# Seedling grow lamp advice



## vsmfarqp (Oct 7, 2012)

I am starting a vege garden, and have started some seedlings in soil blocks, but being me, I want to tech it up and make some LED lights to try and get them growing a bit better and more stocky (they only get light through the window at the moment and they are pretty spindly)

I have done some reading and been looking on ebay for supplies, but thought I'd ask some of you LED experts before I buy anything  

So far I have come up with putting 10 3W LED's onto this heatsink: 
http://www.ebay.com/itm/1-pc-Aluminium-Heatsink-8-3W-Aquarium-Led-Bulb-/170643940622 

using this power supply: http://www.ebay.com/itm/20w-30w-7-1...177?pt=LH_DefaultDomain_0&hash=item3362a557c9 

As for LEDS, I figure from my reading I need a 4:1 Red:Blue ratio, so 8 Red and 2 Blue on the one heatsink. I am trying to do all this in the cheap, so looking at the cheap 3w LED's on ebay. 
I'm not sure if one of these heatsinks with the 10 LED would be enough but I might need a couple 

So some questions: 

-- On ebay they seem to sell the 3W LED's with and without the STAR heatsink eg: 
http://www.ebay.com/itm/10-pcs-3W-H...971?pt=LH_DefaultDomain_0&hash=item3379a73f63 vs http://www.ebay.com/itm/10pcs-3W-Re...978?pt=LH_DefaultDomain_0&hash=item1e6e9beb62 
I was planning on getting the ones with star heatsink, but could I use the bare ones just glued to the heatsink? If so would it be much harder to do? 

-- The blue and red LED's have different forward voltage, can I run both the 2 blue and 8 red ones from that same power supply? 

-- If I make multiple heatsinks with LED's is it best to get one of those power supplies per heatsink or one big power supply? 

-- does 10 LED on one of those heatsinks / one one of those power supplies seem OK? can I use more / should I use less?

-- In general does this all sound right? These constant current supplies are still confusing me, my mind only works with constant voltage  


Any advice would be great, thanks!


----------



## AnAppleSnail (Oct 7, 2012)

There's no need to use disco lights. My aquarium plants do just fine under white (fluorescent or LED) lighting. Red photons don't seem to be missed by seedlings anyway. I started my basil this year under neutral-white LED and it's all about three feet tall now. White lights are prettier and look less like a seed grow op.

Parallel LED strings must have the same forward voltage. Anything in series has the same current supplied. So you could get two drivers (one red and one blue) to control separately, or just mix them (alternate red and blue) to get parallel voltages to work.

Warranty service and consistency are better with a proper supplier.
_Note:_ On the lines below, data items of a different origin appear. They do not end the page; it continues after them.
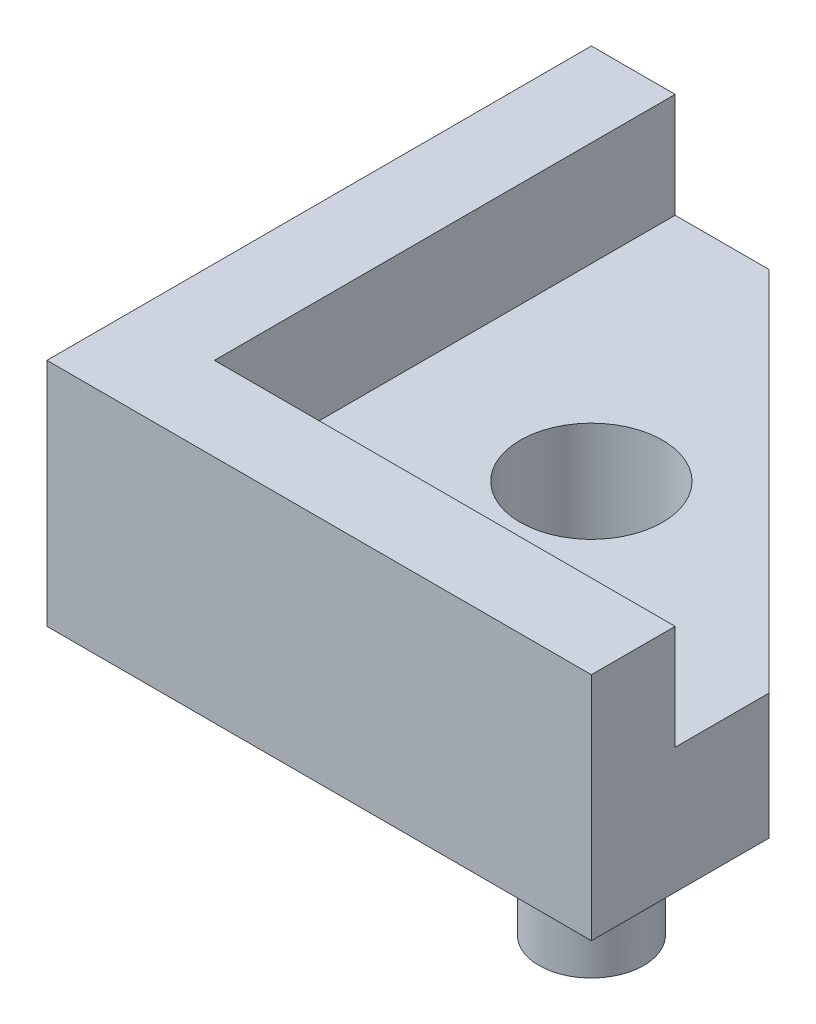
ISO-10303-21;
HEADER;
FILE_DESCRIPTION(('STEP AP214'),'2;1');
FILE_NAME('part.step','',(''),(''),'','','');
FILE_SCHEMA(('AUTOMOTIVE_DESIGN { 1 0 10303 214 1 1 1 1 }'));
ENDSEC;
DATA;
#1=APPLICATION_CONTEXT('core data for automotive mechanical design processes');
#2=APPLICATION_PROTOCOL_DEFINITION('international standard','automotive_design',2000,#1);
#3=PRODUCT_CONTEXT('',#1,'mechanical');
#4=PRODUCT('Part','Part','',(#3));
#5=PRODUCT_RELATED_PRODUCT_CATEGORY('part','',(#4));
#6=PRODUCT_DEFINITION_FORMATION('','',#4);
#7=PRODUCT_DEFINITION_CONTEXT('part definition',#1,'design');
#8=PRODUCT_DEFINITION('design','',#6,#7);
#9=PRODUCT_DEFINITION_SHAPE('','',#8);
#10=(LENGTH_UNIT() NAMED_UNIT(*) SI_UNIT(.MILLI.,.METRE.));
#11=(NAMED_UNIT(*) PLANE_ANGLE_UNIT() SI_UNIT($,.RADIAN.));
#12=(NAMED_UNIT(*) SI_UNIT($,.STERADIAN.) SOLID_ANGLE_UNIT());
#13=UNCERTAINTY_MEASURE_WITH_UNIT(LENGTH_MEASURE(1.E-05),#10,'distance_accuracy_value','');
#14=(GEOMETRIC_REPRESENTATION_CONTEXT(3) GLOBAL_UNCERTAINTY_ASSIGNED_CONTEXT((#13)) GLOBAL_UNIT_ASSIGNED_CONTEXT((#10,
#11,#12)) REPRESENTATION_CONTEXT('',''));
#15=CARTESIAN_POINT('',(0.,0.,0.));
#16=DIRECTION('',(0.,0.,1.));
#17=DIRECTION('',(1.,0.,0.));
#18=AXIS2_PLACEMENT_3D('',#15,#16,#17);
#19=CARTESIAN_POINT('',(-2.5,-3.,2.5));
#20=DIRECTION('',(0.,0.,1.));
#21=DIRECTION('',(1.,0.,0.));
#22=AXIS2_PLACEMENT_3D('',#19,#20,#21);
#23=PLANE('',#22);
#24=DIRECTION('',(0.,1.,0.));
#25=VECTOR('',#24,1.);
#26=CARTESIAN_POINT('',(10.5,-3.,2.5));
#27=LINE('',#26,#25);
#28=CARTESIAN_POINT('',(10.5,-3.,2.5));
#29=VERTEX_POINT('',#28);
#30=CARTESIAN_POINT('',(10.5,2.5,2.5));
#31=VERTEX_POINT('',#30);
#32=EDGE_CURVE('E196',#29,#31,#27,.T.);
#33=ORIENTED_EDGE('',*,*,#32,.T.);
#34=DIRECTION('',(1.,0.,0.));
#35=VECTOR('',#34,1.);
#36=CARTESIAN_POINT('',(-2.5,2.5,2.5));
#37=LINE('',#36,#35);
#38=CARTESIAN_POINT('',(-2.5,2.5,2.5));
#39=VERTEX_POINT('',#38);
#40=EDGE_CURVE('E132',#39,#31,#37,.T.);
#41=ORIENTED_EDGE('',*,*,#40,.F.);
#42=DIRECTION('',(0.,1.,0.));
#43=VECTOR('',#42,1.);
#44=CARTESIAN_POINT('',(-2.5,-3.,2.5));
#45=LINE('',#44,#43);
#46=CARTESIAN_POINT('',(-2.5,-3.,2.5));
#47=VERTEX_POINT('',#46);
#48=EDGE_CURVE('E122',#47,#39,#45,.T.);
#49=ORIENTED_EDGE('',*,*,#48,.F.);
#50=DIRECTION('',(1.,0.,0.));
#51=VECTOR('',#50,1.);
#52=CARTESIAN_POINT('',(-2.5,-3.,2.5));
#53=LINE('',#52,#51);
#54=EDGE_CURVE('E179',#47,#29,#53,.T.);
#55=ORIENTED_EDGE('',*,*,#54,.T.);
#56=EDGE_LOOP('',(#33,#41,#49,#55));
#57=FACE_BOUND('',#56,.T.);
#58=ADVANCED_FACE('F45',(#57),#23,.T.);
#59=CARTESIAN_POINT('',(-2.5,-3.,-10.5));
#60=DIRECTION('',(-1.,0.,0.));
#61=DIRECTION('',(0.,0.,1.));
#62=AXIS2_PLACEMENT_3D('',#59,#60,#61);
#63=PLANE('',#62);
#64=ORIENTED_EDGE('',*,*,#48,.T.);
#65=DIRECTION('',(0.,0.,1.));
#66=VECTOR('',#65,1.);
#67=CARTESIAN_POINT('',(-2.5,2.5,-10.5));
#68=LINE('',#67,#66);
#69=CARTESIAN_POINT('',(-2.5,2.5,-10.5));
#70=VERTEX_POINT('',#69);
#71=EDGE_CURVE('E126',#70,#39,#68,.T.);
#72=ORIENTED_EDGE('',*,*,#71,.F.);
#73=DIRECTION('',(0.,1.,0.));
#74=VECTOR('',#73,1.);
#75=CARTESIAN_POINT('',(-2.5,-3.,-10.5));
#76=LINE('',#75,#74);
#77=CARTESIAN_POINT('',(-2.5,-3.,-10.5));
#78=VERTEX_POINT('',#77);
#79=EDGE_CURVE('E110',#78,#70,#76,.T.);
#80=ORIENTED_EDGE('',*,*,#79,.F.);
#81=DIRECTION('',(0.,0.,1.));
#82=VECTOR('',#81,1.);
#83=CARTESIAN_POINT('',(-2.5,-3.,-10.5));
#84=LINE('',#83,#82);
#85=EDGE_CURVE('E193',#78,#47,#84,.T.);
#86=ORIENTED_EDGE('',*,*,#85,.T.);
#87=EDGE_LOOP('',(#64,#72,#80,#86));
#88=FACE_BOUND('',#87,.T.);
#89=ADVANCED_FACE('F127',(#88),#63,.T.);
#90=CARTESIAN_POINT('',(1.74264068711924,-3.,-10.5));
#91=DIRECTION('',(0.,0.,-1.));
#92=DIRECTION('',(-1.,0.,0.));
#93=AXIS2_PLACEMENT_3D('',#90,#91,#92);
#94=PLANE('',#93);
#95=DIRECTION('',(-1.,0.,0.));
#96=VECTOR('',#95,1.);
#97=CARTESIAN_POINT('',(1.74264068711924,0.,-10.5));
#98=LINE('',#97,#96);
#99=CARTESIAN_POINT('',(1.74264068711924,0.,-10.5));
#100=VERTEX_POINT('',#99);
#101=CARTESIAN_POINT('',(-0.5,0.,-10.5));
#102=VERTEX_POINT('',#101);
#103=EDGE_CURVE('E60',#100,#102,#98,.T.);
#104=ORIENTED_EDGE('',*,*,#103,.F.);
#105=DIRECTION('',(0.,1.,0.));
#106=VECTOR('',#105,1.);
#107=CARTESIAN_POINT('',(1.74264068711924,-3.,-10.5));
#108=LINE('',#107,#106);
#109=CARTESIAN_POINT('',(1.74264068711924,-3.,-10.5));
#110=VERTEX_POINT('',#109);
#111=EDGE_CURVE('E123',#110,#100,#108,.T.);
#112=ORIENTED_EDGE('',*,*,#111,.F.);
#113=DIRECTION('',(-1.,0.,0.));
#114=VECTOR('',#113,1.);
#115=CARTESIAN_POINT('',(1.74264068711924,-3.,-10.5));
#116=LINE('',#115,#114);
#117=EDGE_CURVE('E117',#110,#78,#116,.T.);
#118=ORIENTED_EDGE('',*,*,#117,.T.);
#119=ORIENTED_EDGE('',*,*,#79,.T.);
#120=DIRECTION('',(-1.,0.,0.));
#121=VECTOR('',#120,1.);
#122=CARTESIAN_POINT('',(-0.5,2.5,-10.5));
#123=LINE('',#122,#121);
#124=CARTESIAN_POINT('',(-0.5,2.5,-10.5));
#125=VERTEX_POINT('',#124);
#126=EDGE_CURVE('E115',#125,#70,#123,.T.);
#127=ORIENTED_EDGE('',*,*,#126,.F.);
#128=DIRECTION('',(0.,-1.,0.));
#129=VECTOR('',#128,1.);
#130=CARTESIAN_POINT('',(-0.5,2.5,-10.5));
#131=LINE('',#130,#129);
#132=EDGE_CURVE('E157',#125,#102,#131,.T.);
#133=ORIENTED_EDGE('',*,*,#132,.T.);
#134=EDGE_LOOP('',(#104,#112,#118,#119,#127,#133));
#135=FACE_BOUND('',#134,.T.);
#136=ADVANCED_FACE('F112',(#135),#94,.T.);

Ledsupply, led-tech, cutter, mouser, etc. Power needed depends on how much dirt you're lighting. Heat sinks size depends on power.


----------



## vsmfarqp (Oct 8, 2012)

Oh yeah white, didn't even think of that. I have some white 12V white LED strips that I have ready to put down my hallway, waiting for some microcontrollers to arrive before I can put them up, so might use them for my seedlings in the meantime.

But I still want to get the disco lights, white LED strips 'aint going to impress anyone  It's all about the facebook likes haha

So with the constant current driver like the one I linked to, I would just attach one string of LED's in series and it wont matter about differences in forward voltages as long as they can all use the 600ma current?

Also not too worried about warranties etc, all the Chinese eBay stuff is so cheap, and it would probably cost more to return any faulty stuff that it is worth.


----------



## vsmfarqp (Oct 9, 2012)

I spent way too long yesterday wiring up the LED strips I have for the hall, and put them over the seedlings, thought I'd put up some pics. Still keen to hear feedback re my 'disco' light plans above!
http://i.imgur.com/hVsL6.jpg
http://i.imgur.com/Tb7M8.jpg
http://i.imgur.com/agC6K.jpg


Your images are too large and have been replaced with links Please resize and repost.
See Rule #3 If you post an image in your post, please downsize the image to no larger than 800 x 800 pixels. - Thanks Norm


----------



## kaichu dento (Oct 9, 2012)

Nice looking setup, but you might as well do a lettuce setup too with all the sprout light you have available there.


----------



## vsmfarqp (Oct 9, 2012)

Yeah I was wondering about the size those pictures came out, sorry! 

Thanks, this is my first time trying a vege garden, its at my nanas house as she is too old to use it properly anymore. I'm doing some lettuce, it has already been planted out in the garden. Yeah those lights are a bit oversized hehe. Plan is to grow the ones I can here, and get them strong before I put them out as I can't get up there to tend to it every day etc. Still, back on topic, any advice on my disco light plans would be great! cheers.


----------



## vsmfarqp (Oct 11, 2012)

I have been thinking, dangerous I know...

With the above power supply + heatsink + star LEDs would be about $30 and produce around 600 lumens, 20 lumens per $. 
Then I thought about using some of those 5050 LED strips, it seems hard to find details but it seems they are about 15 lumen per LED, and 300 of them on a 5 meter strip for $15. That's 4500 lumens for $15, 300 lm/$! 

I have seen people say lumens don't matter for plant growth, its PAR that matters. 

So what do you think about using something like this? http://www.ebay.com/itm/LED-Strip-5...799526?pt=US_Car_Lighting&hash=item2575f54a26 Thanks!


----------



## Drumwerx (Nov 17, 2012)

Hey vsmfarqp Did you ever do the LED lights or strips? I like the idea of the strips and wanted to find out how it went becasue I am looking at the same things. I bought soem 3w led from China and will be building about the exact same thing in 3 small panels and then I wanted to try the strips.

Let me know what you did.


----------



## vsmfarqp (Feb 19, 2013)

Drumwerx said:


> Hey vsmfarqp Did you ever do the LED lights or strips? .



Apart from using the white LED strips I had, I didn't get anywhere else with the idea. Once the seedlings got big enough, I planted them out in the garden. I get distracted very easily, and I moved on to other projects (I'm making a portable boombox now lol  I havn't even looked at the garden properly for a month!


----------